看完整部《圍城》得出的這個結論符合創作實際嗎?仔細看看這篇文章就會發現,這的確是作者的本意,壹種深刻的哲學思考。事實上,錢鐘書似乎有點怕讀者不理解其中的象征意義,所以他多次借助小說人物的口來發掘這個“秘密”。《圍城》第三章,方鴻漸和朋友聚會。其中,楚沈明,壹個江湖騙子式的“學者”,在飯桌上大談婚姻的“哲學”。他引用了壹句古老的英國諺語:婚姻就像壹個金色的鳥籠。籠子外面的鳥想住在裏面,籠子裏面的鳥想飛出去;所以結束了,結束了,沒有遊戲了。另壹位朋友補充道:法國也有壹種說法。然而,它不是壹個鳥籠,而是壹個被圍困的城堡,fr tresse assiégééé。城外的人想沖進去,城裏的人想逃跑。……
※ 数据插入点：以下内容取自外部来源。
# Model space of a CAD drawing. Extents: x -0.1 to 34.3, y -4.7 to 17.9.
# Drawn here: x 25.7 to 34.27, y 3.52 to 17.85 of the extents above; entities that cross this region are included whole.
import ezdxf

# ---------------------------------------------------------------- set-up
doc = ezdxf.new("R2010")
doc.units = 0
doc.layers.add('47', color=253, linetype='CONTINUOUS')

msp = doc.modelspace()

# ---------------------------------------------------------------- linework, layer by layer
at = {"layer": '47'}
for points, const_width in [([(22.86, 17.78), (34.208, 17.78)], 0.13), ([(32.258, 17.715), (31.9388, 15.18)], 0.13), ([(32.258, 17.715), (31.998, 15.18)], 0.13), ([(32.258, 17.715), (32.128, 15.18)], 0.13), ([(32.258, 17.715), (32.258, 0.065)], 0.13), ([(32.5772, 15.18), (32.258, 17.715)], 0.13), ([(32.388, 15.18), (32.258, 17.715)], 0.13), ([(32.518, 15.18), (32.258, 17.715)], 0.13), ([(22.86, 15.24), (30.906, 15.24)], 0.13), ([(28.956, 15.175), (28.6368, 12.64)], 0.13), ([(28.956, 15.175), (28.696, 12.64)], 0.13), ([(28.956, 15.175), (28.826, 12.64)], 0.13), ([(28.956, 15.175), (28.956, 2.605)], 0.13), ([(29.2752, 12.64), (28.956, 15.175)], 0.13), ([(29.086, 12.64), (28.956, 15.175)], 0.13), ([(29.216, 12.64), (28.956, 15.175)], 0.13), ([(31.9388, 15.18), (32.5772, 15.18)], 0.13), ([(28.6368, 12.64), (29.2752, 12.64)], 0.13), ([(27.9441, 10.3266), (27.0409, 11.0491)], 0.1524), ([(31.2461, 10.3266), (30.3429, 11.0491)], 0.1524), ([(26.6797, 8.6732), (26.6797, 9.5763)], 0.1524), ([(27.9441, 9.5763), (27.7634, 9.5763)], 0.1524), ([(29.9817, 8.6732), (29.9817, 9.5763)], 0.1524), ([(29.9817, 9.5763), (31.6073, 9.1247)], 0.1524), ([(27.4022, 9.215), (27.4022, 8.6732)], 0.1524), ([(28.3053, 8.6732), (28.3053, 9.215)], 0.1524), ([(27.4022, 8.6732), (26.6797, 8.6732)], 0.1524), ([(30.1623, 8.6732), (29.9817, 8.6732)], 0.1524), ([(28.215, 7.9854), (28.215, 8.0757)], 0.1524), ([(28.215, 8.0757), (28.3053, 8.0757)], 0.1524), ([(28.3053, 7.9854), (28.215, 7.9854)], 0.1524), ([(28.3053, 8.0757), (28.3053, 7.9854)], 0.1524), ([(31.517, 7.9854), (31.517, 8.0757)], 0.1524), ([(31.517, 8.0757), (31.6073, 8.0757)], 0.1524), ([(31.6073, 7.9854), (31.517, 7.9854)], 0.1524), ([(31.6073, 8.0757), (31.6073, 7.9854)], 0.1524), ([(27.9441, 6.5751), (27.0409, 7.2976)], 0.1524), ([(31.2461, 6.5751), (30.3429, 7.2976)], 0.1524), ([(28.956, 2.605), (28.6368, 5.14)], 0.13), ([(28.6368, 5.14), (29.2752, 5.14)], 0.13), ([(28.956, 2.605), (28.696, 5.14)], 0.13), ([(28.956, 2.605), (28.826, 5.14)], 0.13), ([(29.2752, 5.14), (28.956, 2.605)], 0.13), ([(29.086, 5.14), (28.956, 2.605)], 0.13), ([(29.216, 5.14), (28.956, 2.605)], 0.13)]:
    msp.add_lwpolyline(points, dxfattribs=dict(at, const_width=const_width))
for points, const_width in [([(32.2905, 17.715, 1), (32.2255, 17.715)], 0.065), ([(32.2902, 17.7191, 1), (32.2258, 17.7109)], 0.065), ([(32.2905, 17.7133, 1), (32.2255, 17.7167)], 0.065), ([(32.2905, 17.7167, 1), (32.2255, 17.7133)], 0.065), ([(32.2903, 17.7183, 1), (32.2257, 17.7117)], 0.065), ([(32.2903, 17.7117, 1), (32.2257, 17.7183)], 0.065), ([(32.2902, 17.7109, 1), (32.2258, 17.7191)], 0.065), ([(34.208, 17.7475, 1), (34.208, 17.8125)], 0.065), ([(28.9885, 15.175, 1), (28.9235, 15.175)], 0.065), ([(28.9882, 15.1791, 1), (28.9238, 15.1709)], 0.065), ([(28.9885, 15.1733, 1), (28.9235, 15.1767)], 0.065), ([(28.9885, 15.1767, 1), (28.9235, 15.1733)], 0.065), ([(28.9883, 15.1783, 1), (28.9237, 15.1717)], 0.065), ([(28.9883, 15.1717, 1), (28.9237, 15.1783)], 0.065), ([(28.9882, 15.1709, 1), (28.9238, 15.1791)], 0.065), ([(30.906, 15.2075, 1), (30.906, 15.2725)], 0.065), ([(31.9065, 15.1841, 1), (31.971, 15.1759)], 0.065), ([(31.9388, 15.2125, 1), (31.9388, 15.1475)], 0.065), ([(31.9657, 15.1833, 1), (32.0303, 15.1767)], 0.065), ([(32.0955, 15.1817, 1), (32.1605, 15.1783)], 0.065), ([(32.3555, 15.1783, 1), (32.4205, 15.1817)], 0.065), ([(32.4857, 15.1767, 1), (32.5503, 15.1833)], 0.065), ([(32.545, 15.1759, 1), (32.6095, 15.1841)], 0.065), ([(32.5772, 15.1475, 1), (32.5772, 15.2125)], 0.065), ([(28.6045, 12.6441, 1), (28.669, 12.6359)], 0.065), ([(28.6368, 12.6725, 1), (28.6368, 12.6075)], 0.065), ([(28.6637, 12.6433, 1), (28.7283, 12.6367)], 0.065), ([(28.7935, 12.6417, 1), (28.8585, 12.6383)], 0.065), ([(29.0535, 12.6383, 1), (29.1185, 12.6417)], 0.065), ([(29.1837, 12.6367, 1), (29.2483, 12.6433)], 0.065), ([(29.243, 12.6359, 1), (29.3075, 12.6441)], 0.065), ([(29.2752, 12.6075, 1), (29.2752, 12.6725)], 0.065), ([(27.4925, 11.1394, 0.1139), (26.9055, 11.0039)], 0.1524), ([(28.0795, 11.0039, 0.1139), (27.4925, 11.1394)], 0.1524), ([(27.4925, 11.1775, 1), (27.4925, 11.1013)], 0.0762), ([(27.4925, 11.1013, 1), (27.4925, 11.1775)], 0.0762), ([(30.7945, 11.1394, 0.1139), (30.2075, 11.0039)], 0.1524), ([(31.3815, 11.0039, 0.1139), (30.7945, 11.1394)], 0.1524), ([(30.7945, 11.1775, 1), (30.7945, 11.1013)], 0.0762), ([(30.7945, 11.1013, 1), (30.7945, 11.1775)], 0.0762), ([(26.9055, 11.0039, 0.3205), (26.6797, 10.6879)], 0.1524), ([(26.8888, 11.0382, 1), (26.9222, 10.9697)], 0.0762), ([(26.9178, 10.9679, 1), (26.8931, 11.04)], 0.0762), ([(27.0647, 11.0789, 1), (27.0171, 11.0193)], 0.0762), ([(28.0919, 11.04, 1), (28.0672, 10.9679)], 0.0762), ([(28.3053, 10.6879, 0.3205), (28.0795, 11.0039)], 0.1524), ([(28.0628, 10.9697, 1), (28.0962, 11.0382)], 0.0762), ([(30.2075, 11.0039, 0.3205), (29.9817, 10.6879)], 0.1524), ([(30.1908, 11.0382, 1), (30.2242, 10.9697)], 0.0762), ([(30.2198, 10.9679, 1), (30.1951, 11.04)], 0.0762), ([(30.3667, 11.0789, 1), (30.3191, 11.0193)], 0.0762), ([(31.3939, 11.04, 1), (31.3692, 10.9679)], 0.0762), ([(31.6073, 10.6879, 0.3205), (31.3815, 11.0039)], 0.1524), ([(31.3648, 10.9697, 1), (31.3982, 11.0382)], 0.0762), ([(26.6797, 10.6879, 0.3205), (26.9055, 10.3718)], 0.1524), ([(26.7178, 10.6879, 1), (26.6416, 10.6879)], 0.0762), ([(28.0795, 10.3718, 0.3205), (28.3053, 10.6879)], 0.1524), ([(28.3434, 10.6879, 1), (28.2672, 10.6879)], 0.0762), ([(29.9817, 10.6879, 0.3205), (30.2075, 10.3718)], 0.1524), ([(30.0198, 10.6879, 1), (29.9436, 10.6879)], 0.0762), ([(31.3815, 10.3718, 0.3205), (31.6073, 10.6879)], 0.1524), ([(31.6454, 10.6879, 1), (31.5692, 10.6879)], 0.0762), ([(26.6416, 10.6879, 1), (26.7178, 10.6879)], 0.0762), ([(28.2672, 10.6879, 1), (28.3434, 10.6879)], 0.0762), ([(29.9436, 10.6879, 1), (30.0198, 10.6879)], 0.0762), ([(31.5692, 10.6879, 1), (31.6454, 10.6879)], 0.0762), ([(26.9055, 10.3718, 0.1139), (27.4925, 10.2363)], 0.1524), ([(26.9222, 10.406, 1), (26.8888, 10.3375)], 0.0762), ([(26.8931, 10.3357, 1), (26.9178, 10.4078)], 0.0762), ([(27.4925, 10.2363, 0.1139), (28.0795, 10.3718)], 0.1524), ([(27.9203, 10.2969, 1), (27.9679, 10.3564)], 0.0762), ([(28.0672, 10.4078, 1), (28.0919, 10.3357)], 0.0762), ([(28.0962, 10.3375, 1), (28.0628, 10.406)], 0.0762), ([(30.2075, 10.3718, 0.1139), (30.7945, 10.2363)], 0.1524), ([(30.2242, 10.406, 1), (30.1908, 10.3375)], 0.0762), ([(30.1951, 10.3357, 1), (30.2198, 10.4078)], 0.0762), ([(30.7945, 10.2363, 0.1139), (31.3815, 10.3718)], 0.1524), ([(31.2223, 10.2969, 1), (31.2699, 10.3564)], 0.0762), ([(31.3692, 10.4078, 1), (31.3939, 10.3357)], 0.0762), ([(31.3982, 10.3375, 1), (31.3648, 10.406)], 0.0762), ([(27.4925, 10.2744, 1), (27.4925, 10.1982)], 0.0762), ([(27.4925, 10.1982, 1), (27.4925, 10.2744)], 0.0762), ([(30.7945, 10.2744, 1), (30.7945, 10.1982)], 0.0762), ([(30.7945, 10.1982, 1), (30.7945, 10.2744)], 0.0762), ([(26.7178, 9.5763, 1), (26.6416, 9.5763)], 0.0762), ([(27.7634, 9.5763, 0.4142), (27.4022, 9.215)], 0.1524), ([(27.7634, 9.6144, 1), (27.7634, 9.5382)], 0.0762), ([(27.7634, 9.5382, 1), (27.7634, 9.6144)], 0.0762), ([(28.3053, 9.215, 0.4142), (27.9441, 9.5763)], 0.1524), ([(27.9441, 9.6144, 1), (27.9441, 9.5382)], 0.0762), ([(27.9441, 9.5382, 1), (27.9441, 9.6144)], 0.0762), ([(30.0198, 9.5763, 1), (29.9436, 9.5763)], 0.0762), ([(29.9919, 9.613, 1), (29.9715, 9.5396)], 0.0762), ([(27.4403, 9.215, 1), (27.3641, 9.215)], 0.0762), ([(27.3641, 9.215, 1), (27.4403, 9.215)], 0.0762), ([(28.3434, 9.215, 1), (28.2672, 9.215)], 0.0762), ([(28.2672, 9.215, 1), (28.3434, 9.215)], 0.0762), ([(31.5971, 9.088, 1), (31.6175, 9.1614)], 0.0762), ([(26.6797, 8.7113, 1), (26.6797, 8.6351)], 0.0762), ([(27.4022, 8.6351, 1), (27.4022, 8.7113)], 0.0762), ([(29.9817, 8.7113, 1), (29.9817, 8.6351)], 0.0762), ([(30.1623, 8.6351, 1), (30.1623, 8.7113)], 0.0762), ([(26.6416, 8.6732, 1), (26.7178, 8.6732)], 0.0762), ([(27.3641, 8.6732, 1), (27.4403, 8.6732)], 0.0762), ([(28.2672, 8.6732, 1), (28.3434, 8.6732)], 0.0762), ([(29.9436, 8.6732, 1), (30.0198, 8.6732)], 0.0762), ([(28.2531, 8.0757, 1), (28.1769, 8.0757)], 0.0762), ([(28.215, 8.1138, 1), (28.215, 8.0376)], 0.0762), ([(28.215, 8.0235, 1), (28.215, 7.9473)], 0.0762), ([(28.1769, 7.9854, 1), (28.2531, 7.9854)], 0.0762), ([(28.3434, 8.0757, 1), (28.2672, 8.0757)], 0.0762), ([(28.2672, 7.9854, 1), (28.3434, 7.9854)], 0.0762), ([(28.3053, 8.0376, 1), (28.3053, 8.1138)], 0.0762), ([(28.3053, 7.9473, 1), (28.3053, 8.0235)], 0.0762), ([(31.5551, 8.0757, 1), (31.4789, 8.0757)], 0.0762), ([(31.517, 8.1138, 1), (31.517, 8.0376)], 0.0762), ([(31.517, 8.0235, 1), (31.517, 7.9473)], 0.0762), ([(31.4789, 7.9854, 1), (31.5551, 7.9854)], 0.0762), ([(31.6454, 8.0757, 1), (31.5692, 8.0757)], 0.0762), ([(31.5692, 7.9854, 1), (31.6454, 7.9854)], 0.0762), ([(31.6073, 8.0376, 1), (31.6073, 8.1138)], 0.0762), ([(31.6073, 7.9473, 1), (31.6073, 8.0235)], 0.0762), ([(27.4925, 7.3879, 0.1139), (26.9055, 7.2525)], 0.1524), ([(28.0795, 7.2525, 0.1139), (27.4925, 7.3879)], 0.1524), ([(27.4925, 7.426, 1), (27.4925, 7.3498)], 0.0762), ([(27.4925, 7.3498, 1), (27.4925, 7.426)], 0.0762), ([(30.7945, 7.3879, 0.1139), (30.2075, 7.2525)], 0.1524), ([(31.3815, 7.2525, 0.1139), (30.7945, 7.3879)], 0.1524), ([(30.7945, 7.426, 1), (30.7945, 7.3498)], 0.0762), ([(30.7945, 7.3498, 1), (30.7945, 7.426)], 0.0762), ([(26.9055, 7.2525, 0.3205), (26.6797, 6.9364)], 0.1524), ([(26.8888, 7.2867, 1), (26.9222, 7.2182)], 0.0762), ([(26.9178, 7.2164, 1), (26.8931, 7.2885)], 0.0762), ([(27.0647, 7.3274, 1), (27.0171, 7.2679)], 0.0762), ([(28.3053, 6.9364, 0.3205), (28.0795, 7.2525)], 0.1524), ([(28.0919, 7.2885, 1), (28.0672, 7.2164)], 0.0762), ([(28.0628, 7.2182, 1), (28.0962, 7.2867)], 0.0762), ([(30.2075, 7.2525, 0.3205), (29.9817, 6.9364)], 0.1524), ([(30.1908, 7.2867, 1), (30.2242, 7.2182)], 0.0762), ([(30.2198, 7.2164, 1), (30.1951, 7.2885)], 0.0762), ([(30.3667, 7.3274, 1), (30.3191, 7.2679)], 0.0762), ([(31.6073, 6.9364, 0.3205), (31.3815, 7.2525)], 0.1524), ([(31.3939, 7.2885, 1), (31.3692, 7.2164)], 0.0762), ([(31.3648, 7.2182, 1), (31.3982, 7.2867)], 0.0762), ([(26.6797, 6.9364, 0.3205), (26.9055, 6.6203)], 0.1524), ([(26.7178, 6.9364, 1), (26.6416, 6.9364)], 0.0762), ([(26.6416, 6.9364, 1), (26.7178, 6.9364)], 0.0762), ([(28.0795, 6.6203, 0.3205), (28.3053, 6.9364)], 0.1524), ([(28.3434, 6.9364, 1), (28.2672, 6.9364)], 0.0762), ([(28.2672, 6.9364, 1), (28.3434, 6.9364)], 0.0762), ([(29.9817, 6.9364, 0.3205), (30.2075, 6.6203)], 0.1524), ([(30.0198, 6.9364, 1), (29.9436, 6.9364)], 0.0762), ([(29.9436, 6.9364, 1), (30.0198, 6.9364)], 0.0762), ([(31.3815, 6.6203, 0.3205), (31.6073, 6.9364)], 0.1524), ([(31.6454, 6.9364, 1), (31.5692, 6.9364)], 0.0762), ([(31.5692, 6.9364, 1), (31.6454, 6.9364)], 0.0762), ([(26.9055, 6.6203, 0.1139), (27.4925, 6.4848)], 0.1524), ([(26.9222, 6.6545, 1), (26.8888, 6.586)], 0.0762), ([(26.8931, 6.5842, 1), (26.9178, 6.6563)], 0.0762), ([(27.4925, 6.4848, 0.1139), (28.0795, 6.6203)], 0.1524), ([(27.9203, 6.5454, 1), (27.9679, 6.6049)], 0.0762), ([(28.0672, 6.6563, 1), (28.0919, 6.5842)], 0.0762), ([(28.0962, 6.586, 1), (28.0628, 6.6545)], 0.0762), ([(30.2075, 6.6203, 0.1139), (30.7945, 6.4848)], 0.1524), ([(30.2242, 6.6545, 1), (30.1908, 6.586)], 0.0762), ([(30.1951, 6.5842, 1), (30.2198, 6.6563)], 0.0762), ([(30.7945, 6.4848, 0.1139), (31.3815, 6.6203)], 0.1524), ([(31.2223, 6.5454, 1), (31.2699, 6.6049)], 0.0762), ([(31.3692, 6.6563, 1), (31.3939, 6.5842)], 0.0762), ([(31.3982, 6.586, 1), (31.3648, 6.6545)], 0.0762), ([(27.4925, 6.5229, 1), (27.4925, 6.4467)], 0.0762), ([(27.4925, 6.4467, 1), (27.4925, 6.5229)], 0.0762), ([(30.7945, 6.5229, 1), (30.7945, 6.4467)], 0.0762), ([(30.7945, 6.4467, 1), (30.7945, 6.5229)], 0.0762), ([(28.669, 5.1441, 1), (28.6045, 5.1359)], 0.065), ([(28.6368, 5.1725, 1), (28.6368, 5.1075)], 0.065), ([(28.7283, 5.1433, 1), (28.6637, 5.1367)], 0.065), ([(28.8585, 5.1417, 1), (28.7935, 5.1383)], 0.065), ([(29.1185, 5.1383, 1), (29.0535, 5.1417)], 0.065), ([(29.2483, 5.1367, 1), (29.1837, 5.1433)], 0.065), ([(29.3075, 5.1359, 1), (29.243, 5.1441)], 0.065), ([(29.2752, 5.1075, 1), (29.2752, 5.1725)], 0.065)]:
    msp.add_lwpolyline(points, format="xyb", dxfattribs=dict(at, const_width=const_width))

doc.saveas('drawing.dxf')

這些都是點睛之筆,讓《圍城》的整體象征意義清晰起來。值得註意的是,江湖郎中褚等人在談《鳥籠》《圍城》時,似乎都對人生哲學有清醒的認識,唯獨方鴻漸“在酒的擺布下失去了自制力,覺得另壹個人在說沒有自己的話”細心的讀者會註意到,作者對《新儒林外史》中各類人物的“醒”與“醉”狀態的書寫,是有深意的。這暗示方鴻漸永遠處於“無知”狀態,被命運誤導的人就是這麽盲目。如果讀者真的理解了這部小說對人生哲學的思考,並“體會”到作者試圖表現的現代人日益失去控制自己的自制力的孤獨寂寞感,那麽他們就能強烈地感受到作者特別的諷刺力量。
從《圍城》在第三個層面,也就是哲學思考層面的寓意來看,這部小說已經包含了西方現代派文學中常見的生命之感或者宇宙意識,莫名的失望感和孤獨感,真的有點看透紅塵的味道。這類作品在中國40年代文壇的出現,可以說是揭示了戰後社會心態的壹個側面。這種先驗命題在西方現代主義文學中是突出而又充分的,但在中國文學中卻是罕見的。四五十年代,中國的讀者幾乎忽略了《圍城》中“哲學思考”的意義。畢竟當時人們熱衷於現實主義作品。
直到現在,我們越來越體會到《圍城》獨特的藝術魅力。這種魅力不僅在於朱利安語言運動的奇妙隱喻,還在於對世界的深刻勾畫,主要表現在其多層意蘊的象征結構和對人生社會的深刻思考。